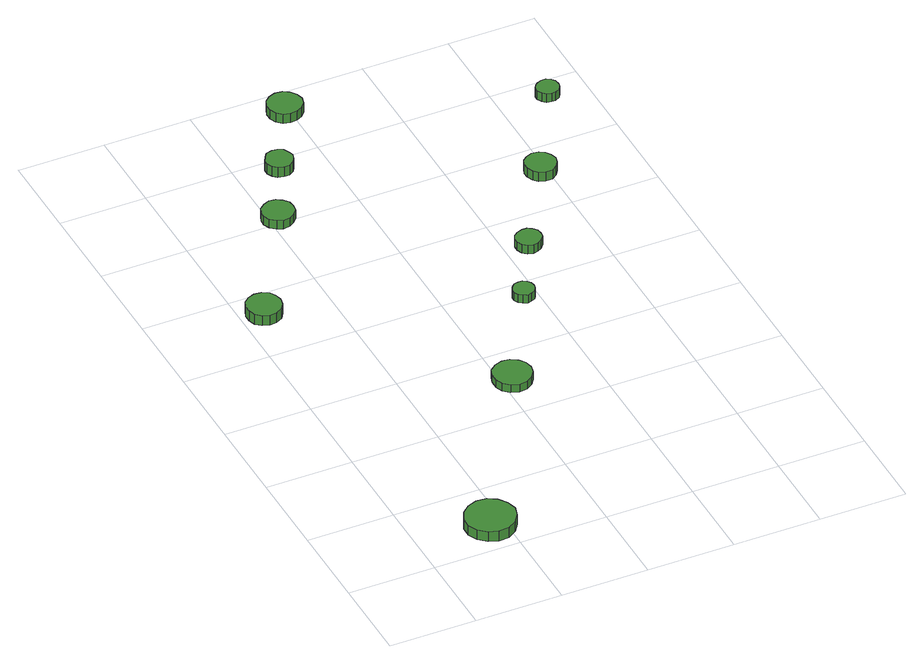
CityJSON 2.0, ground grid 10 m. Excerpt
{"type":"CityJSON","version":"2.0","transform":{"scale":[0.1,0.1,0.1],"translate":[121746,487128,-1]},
"CityObjects":{
"tree1":{"type":"SolitaryVegetationObject","attributes":{"function":"something"},"geometry":[{"type":"MultiSurface","lod":"1","boundaries":[[[0,1,2,3,4,5,6,7,8,9,10,11,12,13,14]],[[15,16,17,18,19,20,21,22,23,24,25,26,27,28,29]],[[0,29,28,1]],[[1,28,27,2]],[[2,27,26,3]],[[3,26,25,4]],[[4,25,24,5]],[[5,24,23,6]],[[6,23,22,7]],[[7,22,21,8]],[[8,21,20,9]],[[9,20,19,10]],[[10,19,18,11]],[[11,18,17,12]],[[12,17,16,13]],[[13,16,15,14]],[[14,15,29,0]]]}]},
"tree2":{"type":"SolitaryVegetationObject","attributes":{"function":"something"},"geometry":[{"type":"MultiSurface","lod":"1","boundaries":[[[30,31,32,33,34,35,36,37,38,39,40,41,42,43,44]],[[45,46,47,48,49,50,51,52,53,54,55,56,57,58,59]],[[30,59,58,31]],[[31,58,57,32]],[[32,57,56,33]],[[33,56,55,34]],[[34,55,54,35]],[[35,54,53,36]],[[36,53,52,37]],[[37,52,51,38]],[[38,51,50,39]],[[39,50,49,40]],[[40,49,48,41]],[[41,48,47,42]],[[42,47,46,43]],[[43,46,45,44]],[[44,45,59,30]]]}]},
"tree3":{"type":"SolitaryVegetationObject","attributes":{"function":"something"},"geometry":[{"type":"MultiSurface","lod":"1","boundaries":[[[60,61,62,63,64,65,66,67,68,69,70,71,72,73,74]],[[75,76,77,78,79,80,81,82,83,84,85,86,87,88,89]],[[60,89,88,61]],[[61,88,87,62]],[[62,87,86,63]],[[63,86,85,64]],[[64,85,84,65]],[[65,84,83,66]],[[66,83,82,67]],[[67,82,81,68]],[[68,81,80,69]],[[69,80,79,70]],[[70,79,78,71]],[[71,78,77,72]],[[72,77,76,73]],[[73,76,75,74]],[[74,75,89,60]]]}]},
"tree4":{"type":"SolitaryVegetationObject","attributes":{"function":"something"},"geometry":[{"type":"MultiSurface","lod":"1","boundaries":[[[90,91,92,93,94,95,96,97,98,99,100,101,102,103,104]],[[105,106,107,108,109,110,111,112,113,114,115,116,117,118,119]],[[90,119,118,91]],[[91,118,117,92]],[[92,117,116,93]],[[93,116,115,94]],[[94,115,114,95]],[[95,114,113,96]],[[96,113,112,97]],[[97,112,111,98]],[[98,111,110,99]],[[99,110,109,100]],[[100,109,108,101]],[[101,108,107,102]],[[102,107,106,103]],[[103,106,105,104]],[[104,105,119,90]]]}]},
"tree5":{"type":"SolitaryVegetationObject","attributes":{"function":"something"},"geometry":[{"type":"MultiSurface","lod":"1","boundaries":[[[120,121,122,123,124,125,126,127,128,129,130,131,132,133,134]],[[135,136,137,138,139,140,141,142,143,144,145,146,147,148,149]],[[120,149,148,121]],[[121,148,147,122]],[[122,147,146,123]],[[123,146,145,124]],[[124,145,144,125]],[[125,144,143,126]],[[126,143,142,127]],[[127,142,141,128]],[[128,141,140,129]],[[129,140,139,130]],[[130,139,138,131]],[[131,138,137,132]],[[132,137,136,133]],[[133,136,135,134]],[[134,135,149,120]]]}]},
"tree6":{"type":"SolitaryVegetationObject","attributes":{"function":"something"},"geometry":[{"type":"MultiSurface","lod":"1","boundaries":[[[150,151,152,153,154,155,156,157,158,159,160,161,162,163,164]],[[165,166,167,168,169,170,171,172,173,174,175,176,177,178,179]],[[150,179,178,151]],[[151,178,177,152]],[[152,177,176,153]],[[153,176,175,154]],[[154,175,174,155]],[[155,174,173,156]],[[156,173,172,157]],[[157,172,171,158]],[[158,171,170,159]],[[159,170,169,160]],[[160,169,168,161]],[[161,168,167,162]],[[162,167,166,163]],[[163,166,165,164]],[[164,165,179,150]]]}]},
"tree7":{"type":"SolitaryVegetationObject","attributes":{"function":"something"},"geometry":[{"type":"MultiSurface","lod":"1","boundaries":[[[180,181,182,183,184,185,186,187,188,189,190,191,192,193,194]],[[195,196,197,198,199,200,201,202,203,204,205,206,207,208,209]],[[180,209,208,181]],[[181,208,207,182]],[[182,207,206,183]],[[183,206,205,184]],[[184,205,204,185]],[[185,204,203,186]],[[186,203,202,187]],[[187,202,201,188]],[[188,201,200,189]],[[189,200,199,190]],[[190,199,198,191]],[[191,198,197,192]],[[192,197,196,193]],[[193,196,195,194]],[[194,195,209,180]]]}]},
"tree8":{"type":"SolitaryVegetationObject","attributes":{"function":"something"},"geometry":[{"type":"MultiSurface","lod":"1","boundaries":[[[210,211,212,213,214,215,216,217,218,219,220,221,222,223,224]],[[225,226,227,228,229,230,231,232,233,234,235,236,237,238,239]],[[210,239,238,211]],[[211,238,237,212]],[[212,237,236,213]],[[213,236,235,214]],[[214,235,234,215]],[[215,234,233,216]],[[216,233,232,217]],[[217,232,231,218]],[[218,231,230,219]],[[219,230,229,220]],[[220,229,228,221]],[[221,228,227,222]],[[222,227,226,223]],[[223,226,225,224]],[[224,225,239,210]]]}]},
"tree9":{"type":"SolitaryVegetationObject","attributes":{"function":"something"},"geometry":[{"type":"MultiSurface","lod":"1","boundaries":[[[240,241,242,243,244,245,246,247,248,249,250,251,252,253,254]],[[255,256,257,258,259,260,261,262,263,264,265,266,267,268,269]],[[240,269,268,241]],[[241,268,267,242]],[[242,267,266,243]],[[243,266,265,244]],[[244,265,264,245]],[[245,264,263,246]],[[246,263,262,247]],[[247,262,261,248]],[[248,261,260,249]],[[249,260,259,250]],[[250,259,258,251]],[[251,258,257,252]],[[252,257,256,253]],[[253,256,255,254]],[[254,255,269,240]]]}]},
"tree10":{"type":"SolitaryVegetationObject","attributes":{"function":"something"},"geometry":[{"type":"MultiSurface","lod":"1","boundaries":[[[270,271,272,273,274,275,276,277,278,279,280,281,282,283,284]],[[285,286,287,288,289,290,291,292,293,294,295,296,297,298,299]],[[270,299,298,271]],[[271,298,297,272]],[[272,297,296,273]],[[273,296,295,274]],[[274,295,294,275]],[[275,294,293,276]],[[276,293,292,277]],[[277,292,291,278]],[[278,291,290,279]],[[279,290,289,280]],[[280,289,288,281]],[[281,288,287,282]],[[282,287,286,283]],[[283,286,285,284]],[[284,285,299,270]]]}]}
},
"vertices":[
[110,34,24],[107,45,24],[100,55,24],[90,61,24],[78,62,24],[67,58,24],[58,50,24],[53,40,24],[53,28,24],[58,17,24],[67,9,24],[78,5,24],[90,6,24],[100,12,24],[107,22,24],[107,22,11],[100,12,11],[90,6,11],[78,5,11],[67,9,11],[58,17,11],[53,28,11],[53,40,11],[58,50,11],[67,58,11],[78,62,11],[90,61,11],[100,55,11],[107,45,11],[110,34,11],
[46,468,18],[44,476,18],[40,483,18],[32,487,18],[24,488,18],[16,485,18],[10,480,18],[7,472,18],[7,464,18],[10,456,18],[16,451,18],[24,448,18],[32,449,18],[40,453,18],[44,460,18],[44,460,5],[40,453,5],[32,449,5],[24,448,5],[16,451,5],[10,456,5],[7,464,5],[7,472,5],[10,480,5],[16,485,5],[24,488,5],[32,487,5],[40,483,5],[44,476,5],[46,468,5],
[234,253,16],[232,262,16],[227,269,16],[219,274,16],[210,275,16],[201,272,16],[194,266,16],[191,258,16],[191,248,16],[194,240,16],[201,234,16],[210,231,16],[219,232,16],[227,237,16],[232,244,16],[232,244,6],[227,237,6],[219,232,6],[210,231,6],[201,234,6],[194,240,6],[191,248,6],[191,258,6],[194,266,6],[201,272,6],[210,275,6],[219,274,6],[227,269,6],[232,262,6],[234,253,6],
[128,609,16],[127,616,16],[122,622,16],[116,626,16],[108,627,16],[101,624,16],[95,619,16],[92,612,16],[92,605,16],[95,598,16],[101,593,16],[108,590,16],[116,591,16],[122,595,16],[127,601,16],[127,601,5],[122,595,5],[116,591,5],[108,590,5],[101,593,5],[95,598,5],[92,605,5],[92,612,5],[95,619,5],[101,624,5],[108,627,5],[116,626,5],[122,622,5],[127,616,5],[128,609,5],
[164,685,18],[162,691,18],[159,697,18],[153,700,18],[147,701,18],[140,699,18],[136,694,18],[133,688,18],[133,682,18],[136,676,18],[140,672,18],[147,670,18],[153,670,18],[159,674,18],[162,679,18],[162,679,5],[159,674,5],[153,670,5],[147,670,5],[140,672,5],[136,676,5],[133,682,5],[133,688,5],[136,694,5],[140,699,5],[147,701,5],[153,700,5],[159,697,5],[162,691,5],[164,685,5],
[297,377,16],[296,382,16],[293,386,16],[289,389,16],[284,389,16],[279,388,16],[275,384,16],[273,380,16],[273,375,16],[275,370,16],[279,367,16],[284,365,16],[289,366,16],[293,368,16],[296,372,16],[296,372,5],[293,368,5],[289,366,5],[284,365,5],[279,367,5],[275,370,5],[273,375,5],[273,380,5],[275,384,5],[279,388,5],[284,389,5],[289,389,5],[293,386,5],[296,382,5],[297,377,5],
[215,769,17],[213,777,17],[208,784,17],[201,788,17],[193,789,17],[185,786,17],[179,781,17],[176,773,17],[176,765,17],[179,758,17],[185,752,17],[193,750,17],[201,751,17],[208,755,17],[213,761,17],[213,761,5],[208,755,5],[201,751,5],[193,750,5],[185,752,5],[179,758,5],[176,765,5],[176,773,5],[179,781,5],[185,786,5],[193,789,5],[201,788,5],[208,784,5],[213,777,5],[215,769,5],
[342,454,16],[341,460,16],[337,465,16],[332,468,16],[326,468,16],[320,466,16],[315,462,16],[313,457,16],[313,451,16],[315,445,16],[320,441,16],[326,439,16],[332,440,16],[337,443,16],[341,448,16],[341,448,5],[337,443,5],[332,440,5],[326,439,5],[320,441,5],[315,445,5],[313,451,5],[313,457,5],[315,462,5],[320,466,5],[326,468,5],[332,468,5],[337,465,5],[341,460,5],[342,454,5],
[411,562,17],[409,569,17],[405,575,17],[399,579,17],[391,580,17],[384,577,17],[379,573,17],[376,566,17],[376,559,17],[379,552,17],[384,547,17],[391,545,17],[399,545,17],[405,549,17],[409,555,17],[409,555,5],[405,549,5],[399,545,5],[391,545,5],[384,547,5],[379,552,5],[376,559,5],[376,566,5],[379,573,5],[384,577,5],[391,580,5],[399,579,5],[405,575,5],[409,569,5],[411,562,5],
[469,676,16],[468,682,16],[465,686,16],[460,689,16],[455,689,16],[450,687,16],[446,684,16],[443,679,16],[443,674,16],[446,669,16],[450,665,16],[455,664,16],[460,664,16],[465,667,16],[468,671,16],[468,671,5],[465,667,5],[460,664,5],[455,664,5],[450,665,5],[446,669,5],[443,674,5],[443,679,5],[446,684,5],[450,687,5],[455,689,5],[460,689,5],[465,686,5],[468,682,5],[469,676,5]
]}

**INSTRUCTIONS FOR THE TASK**
How many lines of the listing above include the word "CityJSON"? State the number and nothing else.

**ANSWER BOX**
2